AI in R&D is often presented as a technology that radically transforms software development: developing 10 times faster, replacing teams and making traditional processes obsolete. But within real R&D teams – with deadlines, legacy, domain logic and technical debt – things are more nuanced. In my view, the question is not whether AI can take over everything, but where it actually adds value without undermining quality standards.
AI accelerates…especially in places where few people are watching
The biggest acceleration I see in practice is not in autonomously building complex modules but in the less visible steps of the process. Prototypes emerge in days rather than weeks, which helps validate choices earlier without expecting robust code right away. Tests are generated and checked faster, reducing regressions and rework. And AI helps developers get through large, complex codebases faster, so context and dependencies become clear earlier.

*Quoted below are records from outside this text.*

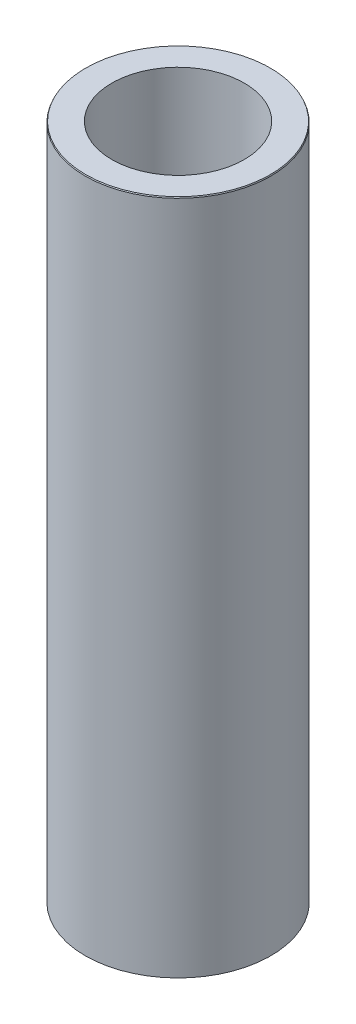
SolidWorks part; units mm, degrees
ref_plane "Front Plane" through (0, 0, 0) normal (0, 0, 1) x (1, 0, 0)
ref_plane "Top Plane" through (0, 0, 0) normal (0, 1, 0) x (1, 0, 0)
ref_plane "Right Plane" through (0, 0, 0) normal (1, 0, 0) x (0, 0, -1)
sketch "Sketch1" plane through (0, 0, 0) normal (0, 1, 0) x (1, 0, 0)
  circle A0 centre (0, 0) radius 55
  dimension "SHAFT_OD" = 110
extrude "Boss-Extrude1" add sketch "Sketch1" along normal blind 401.1843
sketch "Sketch2" plane through (0, 0, 0) normal (0, 1, 0) x (1, 0, 0)
  circle A0 centre (0, 0) radius 39.2815
  dimension "BORE_D" = 78.5631
extrude "Cut-Extrude1" cut sketch "Sketch2" along normal through all
chamfer "Chamfer1" distance 0.6525 angle 23.013 2 edges at (0, 401.1843, 55) (0, 0, 55) first distance on face at (0, 401.1843, 55) first distance on face at (0, 0, 39.2815)

They are not showcase examples, but they are the places where R&D teams today are already structurally saving time and creating space to focus on real design and integration work.
And yet AI still regularly runs into the wall
What’s the biggest pitfall? AI often delivers something that looks like software, but that does not mean it is suitable for production. The difference between “it works” and “this can live” remains large. Especially in environments with legacy – from large codebases to years of domain rules and history – AI proves of limited autonomous effectiveness for now.
Therefore, an incremental approach works best here. A single test set, one module or one repetitive task provides enough leeway to build stability. Only when AI performs reliably there does expansion make sense. That way, quality remains leading, and you avoid mistaking prototypes for production-ready solutions.
The role of developers is changing sooner than their work
In this context, AI is mainly changing where the value of developers lies. Not in producing every line of code themselves, but in understanding what needs to be done, assessing the quality of generated proposals and being able to control multiple tools simultaneously. In fact, their role is shifting more toward that of product owner: domain knowledge and architectural frameworks are becoming more important, as AI makes wrong assumptions without clear direction.
In this, AI behaves like an extremely fast junior: useful, but not independent. Teams that accept this reality build faster and more consistently than teams that expect AI to replace a senior’s work.
R&D teams are going to look different
As agents support more parts of the development process, the composition and dynamics of teams do shift . Developers become directors of their own agents; debugging shifts toward monitoring; and maintenance turns into a process in which problems are spotted early and prepared for before support identifies them.
Modern tooling also allows agents to respond directly to logs and observability data. This creates a workflow in which manual sleuthing decreases and frees up time for domain design, integrations and structural improvements.
The concern that AI leads to smaller development teams does not materialize in practice (yet), but it does create clear shifts:
- repetitive testing and bug work disappears from the daily routine,
- and developers spend more time on integrations, design choices and customer value.
So is AI a revolution or a pipe dream?
AI is revolutionary where it adds speed, validation and automation in support processes. But it’s a pipe dream once you expect it to independently rewrite legacy, production-ready prototypes or replace senior engineering judgment.
AI is changing the way we build software, but not the principles by which we ensure quality. Teams that keep that distinction sharp leverage the benefits without falling into overestimation.
Frequently Asked Questions
Legacy systems contain years of domain rules, exceptions and implicit logic that is not in code but in the minds of developers. AI can analyze parts of that, but not automatically reconstruct the context. That’s why AI works great for targeted tasks in legacy, such as test generation, refactor suggestions, bug detection. But not for large-scale autonomous rebuilds. You need human thinking for that.
The organizations doing it right at least have these five things in place:
– Guardrails: clear boundaries on behavior and output.
– Code review: AI-generated code never goes to production unseen.
– Logging & metrics: everything is traceable.
– Fallbacks: when in doubt, the system switches to safe paths.
– Monitoring: AI’s behavior is continuously evaluated.
AI shifts where developers deliver value. Tasks that are predictable, repetitive or low-value disappear. What remains is the work that has always defined quality: understanding domain logic, making structural choices, assessing what an agent delivers, ensuring that the system remains correct, secure and explainable. Developers who understand systems and can drive agents are becoming more important than ever.
The right start is a single, defined use case in which you can practice the full lifecycle: from prompt management to evaluation, monitoring, explainability and fallback mechanisms. How you start determines whether you can scale up later without having to rebuild the basics.